Дед обнял бабку за костлявые плечи, а она прильнула к нему своей маленькой седой головкой. Какими трогательными были эти два старика, прожившие вместе долгую и трудную жизнь!
Пора было уходить. По русскому обычаю посидели минутку.
— Ну, в путь! — поднялся дед.
Мы расцеловались, дед проводил меня до передней.
— Ни пуха тебе, ни пера, — услышал я на прощание. — И побольше воды под килем.
Мы приехали с матерью на Курский вокзал. У платформы стоял мокрый поезд, с крыш так и лило потоками.
Казалось невероятным, что он привезет меня в солнечный рай, воспеваемый бабкой и дедом.
— Береги себя, — повторяла мать. — Ты один у меня.
Пиши, сынок. Может, деньги понадобятся, обязательно напиши.
— Нет, что ты, мамочка. Теперь я крепко стою на ногах.
Я похлопал себя по груди, ощутив набитый деньгами бумажник, недавно купленный в Ленинграде на Невском. Наконец поезд тронулся.
В вагоне было мало народу. Я постоял, покурил в коридоре. За окном мокли скучные станционные здания, высокие пригородные платформы.
В моем купе (куда я заранее забросил свои чемоданы) в уголке у окна сидела девушка в сером костюме. В свете вспыхнувшей лампочки блеснуло золото пышных волос.

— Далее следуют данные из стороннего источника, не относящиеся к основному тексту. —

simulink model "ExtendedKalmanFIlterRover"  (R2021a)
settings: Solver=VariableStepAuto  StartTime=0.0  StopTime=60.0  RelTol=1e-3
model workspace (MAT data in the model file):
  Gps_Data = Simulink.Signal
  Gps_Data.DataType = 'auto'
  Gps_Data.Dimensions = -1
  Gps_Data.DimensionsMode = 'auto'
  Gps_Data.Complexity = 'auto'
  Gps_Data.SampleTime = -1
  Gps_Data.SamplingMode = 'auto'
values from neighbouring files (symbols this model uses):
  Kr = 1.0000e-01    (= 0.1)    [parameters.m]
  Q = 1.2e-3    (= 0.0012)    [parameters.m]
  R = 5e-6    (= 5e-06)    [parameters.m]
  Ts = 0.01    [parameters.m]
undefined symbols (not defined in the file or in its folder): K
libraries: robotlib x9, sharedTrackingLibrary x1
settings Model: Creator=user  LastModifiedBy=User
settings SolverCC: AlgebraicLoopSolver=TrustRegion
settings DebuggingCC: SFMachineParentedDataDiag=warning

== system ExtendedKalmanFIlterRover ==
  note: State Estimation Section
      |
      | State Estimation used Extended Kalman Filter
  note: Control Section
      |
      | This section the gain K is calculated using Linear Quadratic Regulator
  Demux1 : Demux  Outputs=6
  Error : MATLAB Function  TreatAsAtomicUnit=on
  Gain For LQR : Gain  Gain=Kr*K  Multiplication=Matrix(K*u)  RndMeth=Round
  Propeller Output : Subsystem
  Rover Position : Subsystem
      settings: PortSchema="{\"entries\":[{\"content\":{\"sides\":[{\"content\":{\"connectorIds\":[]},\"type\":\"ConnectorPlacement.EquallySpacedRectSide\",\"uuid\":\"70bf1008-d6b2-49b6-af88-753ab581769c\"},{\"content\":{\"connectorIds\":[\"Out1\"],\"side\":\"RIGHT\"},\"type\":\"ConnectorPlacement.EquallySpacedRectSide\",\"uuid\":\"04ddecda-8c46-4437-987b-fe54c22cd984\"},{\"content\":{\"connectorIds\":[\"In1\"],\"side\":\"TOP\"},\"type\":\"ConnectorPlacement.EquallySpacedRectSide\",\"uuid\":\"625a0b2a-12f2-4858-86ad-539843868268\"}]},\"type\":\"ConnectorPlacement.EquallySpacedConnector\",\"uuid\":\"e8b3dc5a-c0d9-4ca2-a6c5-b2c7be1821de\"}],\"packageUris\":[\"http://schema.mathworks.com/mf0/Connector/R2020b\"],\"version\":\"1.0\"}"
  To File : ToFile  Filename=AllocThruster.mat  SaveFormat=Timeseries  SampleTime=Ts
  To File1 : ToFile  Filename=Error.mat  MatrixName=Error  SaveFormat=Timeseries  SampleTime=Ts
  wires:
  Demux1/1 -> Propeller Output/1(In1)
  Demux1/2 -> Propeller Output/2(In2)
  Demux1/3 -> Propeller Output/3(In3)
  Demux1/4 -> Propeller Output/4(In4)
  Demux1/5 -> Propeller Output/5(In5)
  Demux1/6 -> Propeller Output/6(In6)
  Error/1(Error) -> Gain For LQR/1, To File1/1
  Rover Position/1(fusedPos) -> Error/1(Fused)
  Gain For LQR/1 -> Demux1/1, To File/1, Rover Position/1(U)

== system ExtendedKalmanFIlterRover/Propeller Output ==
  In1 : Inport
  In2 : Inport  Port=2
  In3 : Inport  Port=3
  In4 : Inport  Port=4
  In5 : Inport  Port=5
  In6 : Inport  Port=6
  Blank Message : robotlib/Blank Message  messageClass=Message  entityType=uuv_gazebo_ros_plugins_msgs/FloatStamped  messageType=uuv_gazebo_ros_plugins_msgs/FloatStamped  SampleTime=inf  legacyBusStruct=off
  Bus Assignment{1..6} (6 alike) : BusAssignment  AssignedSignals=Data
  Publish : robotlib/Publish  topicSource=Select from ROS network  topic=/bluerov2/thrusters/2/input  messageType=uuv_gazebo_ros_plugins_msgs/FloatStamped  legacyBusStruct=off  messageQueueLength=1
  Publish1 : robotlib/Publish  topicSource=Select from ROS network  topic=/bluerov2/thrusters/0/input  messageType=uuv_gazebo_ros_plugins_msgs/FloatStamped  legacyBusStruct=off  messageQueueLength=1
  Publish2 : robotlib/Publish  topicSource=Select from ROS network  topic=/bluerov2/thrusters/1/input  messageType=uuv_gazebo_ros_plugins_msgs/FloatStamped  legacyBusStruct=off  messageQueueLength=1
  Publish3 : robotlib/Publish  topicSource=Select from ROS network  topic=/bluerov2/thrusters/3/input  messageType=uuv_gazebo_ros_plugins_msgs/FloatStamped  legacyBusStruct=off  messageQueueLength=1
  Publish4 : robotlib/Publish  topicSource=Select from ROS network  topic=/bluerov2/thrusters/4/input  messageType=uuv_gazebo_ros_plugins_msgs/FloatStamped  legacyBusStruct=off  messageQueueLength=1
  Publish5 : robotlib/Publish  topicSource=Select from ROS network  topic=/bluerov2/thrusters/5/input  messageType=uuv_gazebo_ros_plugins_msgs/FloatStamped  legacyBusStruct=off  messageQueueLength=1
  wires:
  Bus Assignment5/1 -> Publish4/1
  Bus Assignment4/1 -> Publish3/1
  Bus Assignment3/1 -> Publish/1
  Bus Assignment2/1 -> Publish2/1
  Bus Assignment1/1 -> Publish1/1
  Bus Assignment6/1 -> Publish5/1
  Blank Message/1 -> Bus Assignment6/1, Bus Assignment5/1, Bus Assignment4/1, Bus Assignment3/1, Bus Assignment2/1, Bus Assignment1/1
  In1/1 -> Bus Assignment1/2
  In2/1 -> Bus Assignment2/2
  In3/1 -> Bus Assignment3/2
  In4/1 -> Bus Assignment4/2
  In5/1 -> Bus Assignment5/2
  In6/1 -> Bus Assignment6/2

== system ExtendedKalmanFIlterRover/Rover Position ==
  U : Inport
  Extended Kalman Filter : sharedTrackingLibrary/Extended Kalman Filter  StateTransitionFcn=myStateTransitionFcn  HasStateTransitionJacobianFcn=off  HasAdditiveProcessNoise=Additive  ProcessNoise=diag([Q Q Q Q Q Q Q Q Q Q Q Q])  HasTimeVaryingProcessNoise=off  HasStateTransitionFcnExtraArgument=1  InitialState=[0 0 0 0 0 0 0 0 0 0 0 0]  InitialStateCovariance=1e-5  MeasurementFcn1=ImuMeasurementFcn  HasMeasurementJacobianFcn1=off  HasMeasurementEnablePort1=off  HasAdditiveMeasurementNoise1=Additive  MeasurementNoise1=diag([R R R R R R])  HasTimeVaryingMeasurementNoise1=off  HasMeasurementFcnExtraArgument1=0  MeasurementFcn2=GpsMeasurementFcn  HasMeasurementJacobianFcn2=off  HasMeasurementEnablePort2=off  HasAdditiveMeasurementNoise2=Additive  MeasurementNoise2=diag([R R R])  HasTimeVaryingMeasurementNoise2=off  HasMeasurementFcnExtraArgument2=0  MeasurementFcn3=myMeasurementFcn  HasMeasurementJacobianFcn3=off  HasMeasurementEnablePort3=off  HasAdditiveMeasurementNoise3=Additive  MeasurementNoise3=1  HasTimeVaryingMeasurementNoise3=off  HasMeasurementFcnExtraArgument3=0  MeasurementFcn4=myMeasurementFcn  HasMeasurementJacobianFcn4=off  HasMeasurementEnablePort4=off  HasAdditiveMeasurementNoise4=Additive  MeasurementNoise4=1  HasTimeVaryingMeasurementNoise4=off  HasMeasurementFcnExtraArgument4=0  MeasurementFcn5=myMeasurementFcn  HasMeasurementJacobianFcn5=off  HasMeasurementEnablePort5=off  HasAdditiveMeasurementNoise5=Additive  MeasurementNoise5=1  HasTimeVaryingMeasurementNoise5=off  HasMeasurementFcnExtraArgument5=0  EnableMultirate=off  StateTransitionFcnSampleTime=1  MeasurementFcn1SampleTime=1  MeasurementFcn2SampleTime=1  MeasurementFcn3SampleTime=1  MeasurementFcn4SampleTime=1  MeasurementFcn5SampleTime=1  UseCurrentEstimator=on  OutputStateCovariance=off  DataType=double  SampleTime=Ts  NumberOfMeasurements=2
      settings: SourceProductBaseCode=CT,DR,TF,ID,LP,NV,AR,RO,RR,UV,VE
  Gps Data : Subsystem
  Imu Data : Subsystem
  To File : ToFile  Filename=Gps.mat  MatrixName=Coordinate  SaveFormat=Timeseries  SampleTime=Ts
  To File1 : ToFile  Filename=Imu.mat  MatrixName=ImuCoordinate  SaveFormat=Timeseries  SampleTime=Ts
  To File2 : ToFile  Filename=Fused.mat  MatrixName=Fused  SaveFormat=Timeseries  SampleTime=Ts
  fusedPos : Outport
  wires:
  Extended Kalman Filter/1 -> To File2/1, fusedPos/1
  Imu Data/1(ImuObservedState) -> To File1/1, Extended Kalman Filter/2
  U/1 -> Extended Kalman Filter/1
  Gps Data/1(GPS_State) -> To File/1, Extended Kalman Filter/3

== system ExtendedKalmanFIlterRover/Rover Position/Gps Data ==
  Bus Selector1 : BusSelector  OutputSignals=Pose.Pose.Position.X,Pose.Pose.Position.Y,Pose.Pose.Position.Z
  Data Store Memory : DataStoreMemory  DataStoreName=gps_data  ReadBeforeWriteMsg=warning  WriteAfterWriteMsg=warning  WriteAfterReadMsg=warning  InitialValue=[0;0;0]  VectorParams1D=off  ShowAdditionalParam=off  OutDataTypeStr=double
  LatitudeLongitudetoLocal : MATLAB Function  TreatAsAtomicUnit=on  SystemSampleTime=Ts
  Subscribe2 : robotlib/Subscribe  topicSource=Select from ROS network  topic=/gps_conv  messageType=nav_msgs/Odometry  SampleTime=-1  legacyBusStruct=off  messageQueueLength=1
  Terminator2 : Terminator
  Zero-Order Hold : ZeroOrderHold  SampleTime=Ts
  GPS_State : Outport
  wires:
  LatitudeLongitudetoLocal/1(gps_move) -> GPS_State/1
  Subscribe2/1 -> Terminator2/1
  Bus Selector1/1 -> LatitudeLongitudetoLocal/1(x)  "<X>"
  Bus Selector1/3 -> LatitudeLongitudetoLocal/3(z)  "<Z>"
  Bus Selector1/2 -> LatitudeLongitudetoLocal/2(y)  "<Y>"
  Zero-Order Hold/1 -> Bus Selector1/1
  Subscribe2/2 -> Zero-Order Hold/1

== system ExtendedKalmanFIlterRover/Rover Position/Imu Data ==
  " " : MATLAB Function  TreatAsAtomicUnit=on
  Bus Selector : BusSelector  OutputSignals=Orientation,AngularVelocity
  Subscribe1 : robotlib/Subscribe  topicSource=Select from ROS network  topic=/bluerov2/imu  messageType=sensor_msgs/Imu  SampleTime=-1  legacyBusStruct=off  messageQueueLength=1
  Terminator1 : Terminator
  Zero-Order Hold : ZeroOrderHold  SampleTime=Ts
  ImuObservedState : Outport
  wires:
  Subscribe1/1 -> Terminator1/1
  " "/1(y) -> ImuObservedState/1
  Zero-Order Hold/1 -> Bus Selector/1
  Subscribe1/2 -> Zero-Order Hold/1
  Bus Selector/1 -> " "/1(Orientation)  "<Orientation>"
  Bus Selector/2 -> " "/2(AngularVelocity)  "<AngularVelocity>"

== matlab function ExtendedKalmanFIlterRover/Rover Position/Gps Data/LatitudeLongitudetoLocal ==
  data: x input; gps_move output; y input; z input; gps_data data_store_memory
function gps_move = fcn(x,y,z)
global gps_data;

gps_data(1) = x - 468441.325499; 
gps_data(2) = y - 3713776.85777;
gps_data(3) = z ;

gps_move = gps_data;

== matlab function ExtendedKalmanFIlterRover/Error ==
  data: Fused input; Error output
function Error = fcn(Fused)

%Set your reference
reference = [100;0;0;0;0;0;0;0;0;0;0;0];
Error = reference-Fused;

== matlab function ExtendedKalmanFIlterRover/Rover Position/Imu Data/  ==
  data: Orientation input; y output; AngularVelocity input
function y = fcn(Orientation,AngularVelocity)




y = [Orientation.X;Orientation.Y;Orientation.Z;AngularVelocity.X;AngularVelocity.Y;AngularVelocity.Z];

Я готов был бежать от нее в другой конец поезда. Мне вспомнились негодующие глаза, ее гневное «уходи».
Но отступать было поздно. Я поклонился. Лэа ответила легким кивком.
— Я вижу, вы, Юри, стали-таки моряком. Садитесь. Вы не забыли, как меня зовут? Ваш отец не хотел…
— Мой отец умер…
— Простите…
Она помолчала, глядя на пробегавшие за окном огоньки.
— Ведь мы с вами, Юри, были друзьями. Вы помните старый затонувший корабль? У нас спохватились, что его зря разломали. Отца за спасение «Смелого» наградили грамотой Верховного Совета Эстонии. И «Смелому» поставили обелиск.
— Вы живете по-прежнему в Пярну?
— Да. А вы больше не ездили в Пярну?
— Нет.
Я разглядывал Лэа. Взрослая девушка. И красивая.
Я спросил, куда она едет.
— В Ялту, в дом отдыха.
— Вы учитесь?
— Работаю медицинской сестрой в рыболовной флотилии. А вы тоже едете в отпуск?
— Я получил назначение в Севастополь.
— Значит, там и будете жить?
Пришел проводник, отобрал билеты. Пока он стелил нам постели, мы пошли в ресторан. Я шел за Лэа по тряским переходам, прикрытым гармошками, по ковровым дорожкам со следами мокрых ног, мимо немногих людей, выглядывавших из дверей отделений. У входа в ресторан она обернулась и улыбнулась.
Мне захотелось рассказать ей все о себе, но за столиком двое командировочных шумно распивали графинчик водки.
Мы вернулись в вагон. В купе сидел третий пассажир — толстый, со свисавшим животом. Он сразу принялся расспрашивать, кто мы и куда едем.
Мы вышли с Лэа в пустой коридор. За широкими окнами пробегали черные мрачные тучи. Я рассказал ей о плаваниях на парусниках, о том, — с какой радостью еду служить. Спросил, не замужем ли она, убежденный, что получу ответ: «Конечно же нет!» Но она сказала, что у нее есть жених. Он берет на мотогонках призы. Андрес не профессиональный мотоциклист, он служит в Пярну в горфинотделе. Он нравится и ее матери, и отцу…
Так… Она вернется к мотоциклисту, его фотографии станут печатать в спортивной газете, а она будет вырезать их и собирать в аккуратный альбом.
Я долго не мог заснуть в этот вечер. Толстяк омерзительно храпел, и я жалел Лэа, которая тоже, наверное, не спит из-за гнусного храпа. На остановках в окно светили фонари, истошно орал громкоговоритель — на железных дорогах почему-то считается, что гонять пластинки необходимо и ночью.